Although I am a Christian Quaker I take this universalism seriously and it has wider importance to me than it did to first Friends. And I do believe that anyone, anywhere, regardless of his or her spiritual tradition or lack of one, has access to this spirit, this light. If they will let it work on them--and it wants to work on all of us--they will become a "mystic"--one who is in a personal relationship with the divine. Over time this mystical relationship will change that person. And the product of this work, the fruit of this process of change, will always be the same. The spirit changes everyone it works on in the same way; the light shows all people the same path.

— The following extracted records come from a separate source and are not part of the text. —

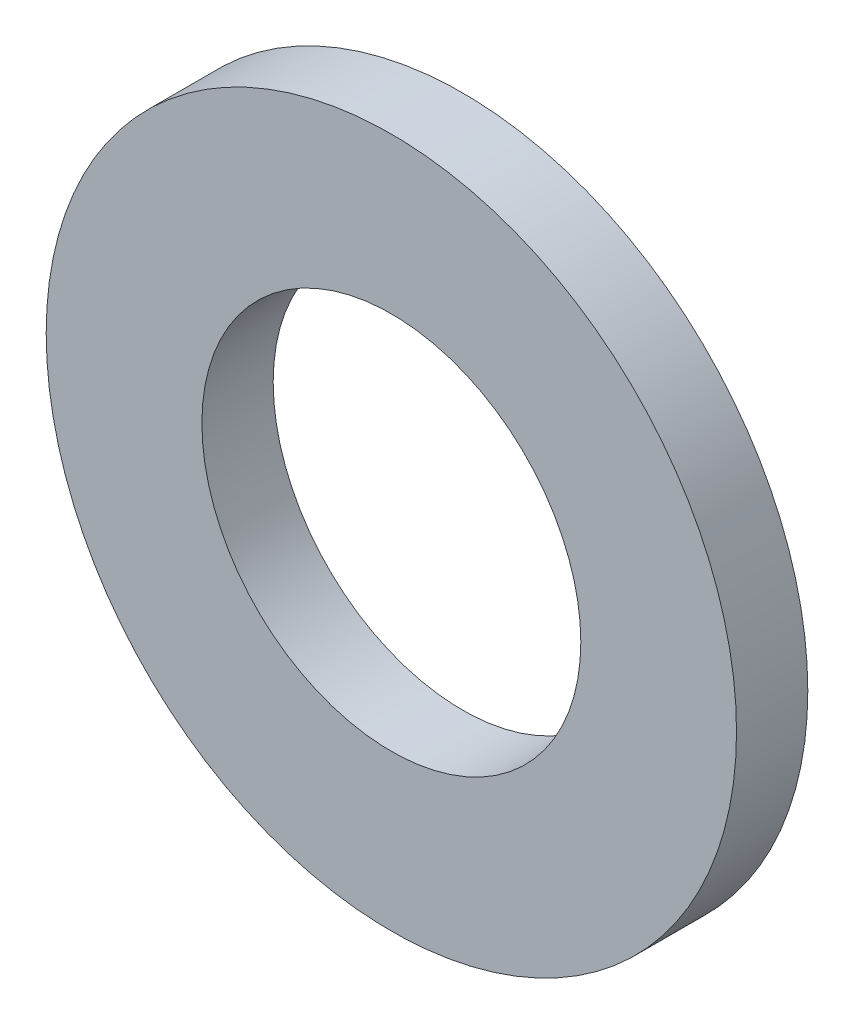
SolidWorks part; units mm, degrees
ref_plane "Piano frontale" through (0, 0, 0) normal (0, 0, 1) x (1, 0, 0)
ref_plane "Piano superiore" through (0, 0, 0) normal (0, 1, 0) x (1, 0, 0)
ref_plane "Piano destro" through (0, 0, 0) normal (1, 0, 0) x (0, 0, -1)
sketch "Schizzo2" plane through (0, 0, 0) normal (0, 0, 1) x (1, 0, 0)
  circle A0 centre (0, 0) radius 2.76
  circle A1 centre (0, 0) radius 1.515
  dimension "D1" = 3.03
  dimension "D2" = 5.52
extrude "Estrusione-Estrusione1" add sketch "Schizzo2" along normal blind 0.57
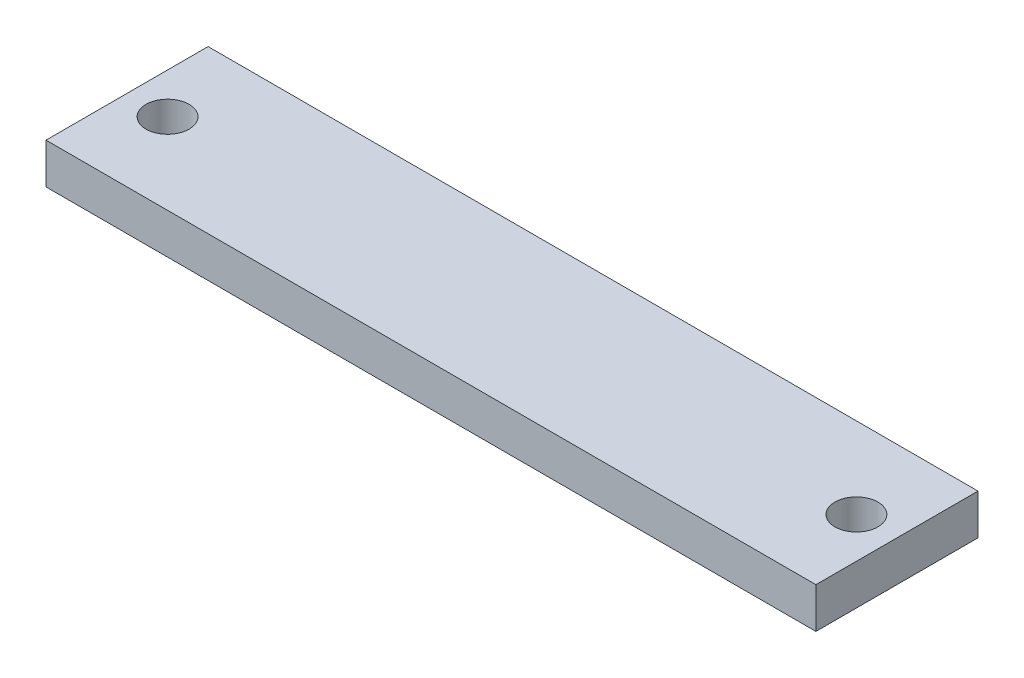
SolidWorks part; units mm, degrees
ref_plane "Front Plane" through (0, 0, 0) normal (0, 0, 1) x (1, 0, 0)
ref_plane "Top Plane" through (0, 0, 0) normal (0, 1, 0) x (1, 0, 0)
ref_plane "Right Plane" through (0, 0, 0) normal (1, 0, 0) x (0, 0, -1)
sketch "Sketch1" plane through (0, 0, 0) normal (0, 1, 0) x (1, 0, 0)
  line L1 (-120.65, -25.4) -> (120.65, -25.4)
  line L2 (-120.65, -25.4) -> (-120.65, 25.4)
  line L3 (-120.65, 25.4) -> (120.65, 25.4)
  line L4 (120.65, -25.4) -> (120.65, 25.4)
  line L5 (-120.65, -25.4) -> (120.65, 25.4) construction
  line L6 (-120.65, 25.4) -> (120.65, -25.4) construction
  point P0 (0, 0)
  dimension "D1" = 50.8
  dimension "D2" = 241.3
extrude "Boss-Extrude1" add sketch "Sketch1" along normal blind 12.7
hole_wizard "1/2 Clearance Hole1" positions "Sketch9" profile "Sketch8" hole size "1/2" standard "ANSI Inch" end condition through all
sketch "Sketch9" plane through (0, 12.7, 0) normal (0, 1, 0) x (1, 0, 0)
  line L0 (0, 0) -> (-107.95, 0) construction
  line L2 (0, 0) -> (107.95, 0) construction
  point P0 (-107.95, 0)
  point P2 (107.95, 0)
  dimension "D1" = 107.95
sketch "Sketch8" plane through (-107.95, 12.7, 0) normal (1, 0, 0) x (0, 0, 1)
  line L0 (0, 0) -> (0, 12.7)
  line L1 (0, 12.7) -> (6.7462, 12.7)
  line L2 (6.7462, 12.7) -> (6.7462, 0)
  line L5 (6.7462, 0) -> (0, 0)
  line L11 (0, -6.35) -> (0, 107.95) construction
  dimension "Thru Hole Dia." = 13.4925
  dimension "Thru Hole Depth" = 12.7

The Quakers have developed a list they call "The Testimonies." What these are is a source of discussion and disagreement among Quakers (are they "values?" are they our version of a "creed?"), but that they are is not much disputed. Over the past 350 years Quakers have been changed away from the "natural man" (describe it yourself, gentle reader, because you know what I mean. It's the human condition) into a person who is described, to one extent or another, by simplicity, harmony, equality, harmony and integrity. The existence of these characteristics in a person's behavior "testifies" to the change that has been done, the transformation that has taken place inside. This is what the spirit turns us into; it's the path along which the light leads us.

In any spiritual tradition there are mystics, people who have entered into an intentional and personal relationship with the spirit, answering the call that spirit makes to all, and allowing that spirit to do its work by clearing away the theological legalisms and formal stuff and the rituals and just being present, and open, to it. "Be still and know I am God."

And in every spiritual tradition these mystics are recognizable because they are described, as those Quakers who have similarly embraced the light are described, by the terms simplicity, equality, integrity, harmony and community. Wherever one finds oneself, in an Islamic tradition, a Jewish tradition, a Buddhist tradition or no spiritual tradition, a Friend can find other Friends, even though those we find may not know they are Friends. There is an outward manifestation of the inner change.

Friends who exist in these different contexts, if they do not see the illusions involved in these contexts, may not recognized one another, but they have been changed in the same way by the same spirit, and are walking the same path, by the illumination of the same light.

ps There are Quakers who are not mystics. There are Quakers who are legalistic, there are Friends who are intellectual and theological, Friends who are straight Christians and will tell you (and me, especially) that hell awaits those who don't start doing things they way they (think) they do. So, if you are not a Quaker, and you are reading this, keep in mind that not everyone you run into who calls him/herself a Quaker will approve of what I have written, here.